##### Records for the task

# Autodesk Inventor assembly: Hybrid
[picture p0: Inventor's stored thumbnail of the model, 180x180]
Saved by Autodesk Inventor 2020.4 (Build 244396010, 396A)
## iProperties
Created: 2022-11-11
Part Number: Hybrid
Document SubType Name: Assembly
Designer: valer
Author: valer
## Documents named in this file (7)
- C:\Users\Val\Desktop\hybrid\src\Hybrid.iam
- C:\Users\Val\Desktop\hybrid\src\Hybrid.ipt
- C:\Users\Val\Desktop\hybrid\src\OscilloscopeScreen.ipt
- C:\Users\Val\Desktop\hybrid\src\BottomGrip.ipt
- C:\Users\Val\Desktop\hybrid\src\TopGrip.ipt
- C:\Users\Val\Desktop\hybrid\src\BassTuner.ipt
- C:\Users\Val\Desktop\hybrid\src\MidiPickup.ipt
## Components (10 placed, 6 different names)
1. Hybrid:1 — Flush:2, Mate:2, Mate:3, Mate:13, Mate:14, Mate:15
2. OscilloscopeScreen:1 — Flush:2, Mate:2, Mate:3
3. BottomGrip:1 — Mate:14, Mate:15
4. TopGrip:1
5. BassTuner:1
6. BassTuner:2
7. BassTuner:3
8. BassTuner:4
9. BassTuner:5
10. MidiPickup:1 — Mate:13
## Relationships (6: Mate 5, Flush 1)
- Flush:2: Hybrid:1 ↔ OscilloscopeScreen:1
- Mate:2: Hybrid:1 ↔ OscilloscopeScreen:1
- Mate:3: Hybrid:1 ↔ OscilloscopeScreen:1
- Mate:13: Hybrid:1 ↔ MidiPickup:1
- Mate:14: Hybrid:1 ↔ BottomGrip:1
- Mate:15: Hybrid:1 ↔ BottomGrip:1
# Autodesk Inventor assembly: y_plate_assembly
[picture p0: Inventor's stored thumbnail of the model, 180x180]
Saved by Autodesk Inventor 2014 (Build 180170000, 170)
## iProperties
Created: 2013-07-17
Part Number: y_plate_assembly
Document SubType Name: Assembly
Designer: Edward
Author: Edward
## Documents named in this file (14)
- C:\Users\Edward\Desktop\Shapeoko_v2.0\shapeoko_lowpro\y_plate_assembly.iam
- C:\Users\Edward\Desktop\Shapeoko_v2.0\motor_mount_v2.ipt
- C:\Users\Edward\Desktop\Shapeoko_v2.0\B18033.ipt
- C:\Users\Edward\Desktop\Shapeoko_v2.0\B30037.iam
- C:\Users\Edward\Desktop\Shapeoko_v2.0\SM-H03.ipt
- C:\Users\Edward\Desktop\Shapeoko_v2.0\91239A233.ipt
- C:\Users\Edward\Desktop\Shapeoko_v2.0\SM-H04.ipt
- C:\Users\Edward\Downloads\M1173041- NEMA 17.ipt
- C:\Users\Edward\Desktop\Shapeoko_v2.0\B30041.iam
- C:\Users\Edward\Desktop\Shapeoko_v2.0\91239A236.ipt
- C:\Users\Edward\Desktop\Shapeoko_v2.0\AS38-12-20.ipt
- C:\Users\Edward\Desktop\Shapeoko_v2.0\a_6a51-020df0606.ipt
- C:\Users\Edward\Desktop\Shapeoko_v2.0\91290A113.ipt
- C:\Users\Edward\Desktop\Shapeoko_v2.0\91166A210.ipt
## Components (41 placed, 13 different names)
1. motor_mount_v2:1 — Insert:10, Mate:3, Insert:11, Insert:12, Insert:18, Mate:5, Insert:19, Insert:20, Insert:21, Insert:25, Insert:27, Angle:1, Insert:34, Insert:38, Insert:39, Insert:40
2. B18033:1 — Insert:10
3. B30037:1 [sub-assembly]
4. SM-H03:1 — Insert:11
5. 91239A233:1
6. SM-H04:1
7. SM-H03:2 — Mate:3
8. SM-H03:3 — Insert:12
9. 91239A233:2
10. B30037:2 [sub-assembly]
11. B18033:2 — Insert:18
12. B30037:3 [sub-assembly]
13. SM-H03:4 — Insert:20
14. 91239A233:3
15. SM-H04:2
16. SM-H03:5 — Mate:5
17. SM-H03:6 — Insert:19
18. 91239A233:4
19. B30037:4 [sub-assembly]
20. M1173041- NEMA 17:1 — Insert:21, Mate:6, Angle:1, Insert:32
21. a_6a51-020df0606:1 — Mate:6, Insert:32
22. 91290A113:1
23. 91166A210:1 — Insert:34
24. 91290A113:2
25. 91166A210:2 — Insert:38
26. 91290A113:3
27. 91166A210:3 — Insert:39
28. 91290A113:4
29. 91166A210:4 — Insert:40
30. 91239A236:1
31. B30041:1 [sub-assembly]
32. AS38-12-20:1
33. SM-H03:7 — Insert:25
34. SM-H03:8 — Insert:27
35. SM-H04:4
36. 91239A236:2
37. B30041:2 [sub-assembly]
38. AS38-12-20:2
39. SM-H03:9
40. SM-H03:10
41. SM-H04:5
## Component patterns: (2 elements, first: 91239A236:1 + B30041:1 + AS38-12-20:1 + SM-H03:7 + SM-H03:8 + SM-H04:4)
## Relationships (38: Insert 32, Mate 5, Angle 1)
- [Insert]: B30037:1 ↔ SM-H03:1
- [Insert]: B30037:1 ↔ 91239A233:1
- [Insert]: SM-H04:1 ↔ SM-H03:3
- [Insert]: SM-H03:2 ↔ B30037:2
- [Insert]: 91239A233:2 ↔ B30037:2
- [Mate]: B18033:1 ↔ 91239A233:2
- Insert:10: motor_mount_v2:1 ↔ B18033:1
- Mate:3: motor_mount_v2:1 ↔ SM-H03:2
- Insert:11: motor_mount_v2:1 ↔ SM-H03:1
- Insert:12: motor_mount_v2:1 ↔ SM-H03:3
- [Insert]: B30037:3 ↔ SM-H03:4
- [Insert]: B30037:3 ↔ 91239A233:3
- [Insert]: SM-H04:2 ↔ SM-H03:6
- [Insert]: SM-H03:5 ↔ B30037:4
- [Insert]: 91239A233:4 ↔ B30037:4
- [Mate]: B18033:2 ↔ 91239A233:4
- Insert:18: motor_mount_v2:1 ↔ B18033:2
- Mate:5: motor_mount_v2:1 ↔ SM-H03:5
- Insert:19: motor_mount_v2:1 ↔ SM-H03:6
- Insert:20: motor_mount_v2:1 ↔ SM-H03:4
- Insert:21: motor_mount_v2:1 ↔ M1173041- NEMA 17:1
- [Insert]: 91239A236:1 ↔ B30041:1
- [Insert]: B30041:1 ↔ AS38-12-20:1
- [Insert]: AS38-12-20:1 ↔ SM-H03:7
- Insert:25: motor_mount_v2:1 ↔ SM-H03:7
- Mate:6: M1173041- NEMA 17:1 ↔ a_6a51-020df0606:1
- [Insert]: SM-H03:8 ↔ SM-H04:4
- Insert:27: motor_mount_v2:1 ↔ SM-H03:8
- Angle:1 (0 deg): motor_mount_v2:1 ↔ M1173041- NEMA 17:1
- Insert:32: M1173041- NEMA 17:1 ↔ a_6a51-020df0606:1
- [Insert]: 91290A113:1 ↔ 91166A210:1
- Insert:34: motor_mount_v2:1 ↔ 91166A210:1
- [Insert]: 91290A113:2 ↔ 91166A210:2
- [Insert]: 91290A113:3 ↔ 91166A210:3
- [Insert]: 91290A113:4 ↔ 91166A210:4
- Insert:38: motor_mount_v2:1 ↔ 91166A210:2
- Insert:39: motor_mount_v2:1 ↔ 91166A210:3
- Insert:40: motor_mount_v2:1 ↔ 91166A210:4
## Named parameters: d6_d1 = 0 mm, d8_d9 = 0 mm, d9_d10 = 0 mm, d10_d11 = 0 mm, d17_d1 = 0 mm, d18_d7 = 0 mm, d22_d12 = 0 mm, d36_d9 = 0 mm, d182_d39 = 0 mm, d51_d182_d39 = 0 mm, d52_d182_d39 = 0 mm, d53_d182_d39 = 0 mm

##########

Pull every line containing "Build" out of the data above.

Saved by Autodesk Inventor 2020.4 (Build 244396010, 396A)
Saved by Autodesk Inventor 2014 (Build 180170000, 170)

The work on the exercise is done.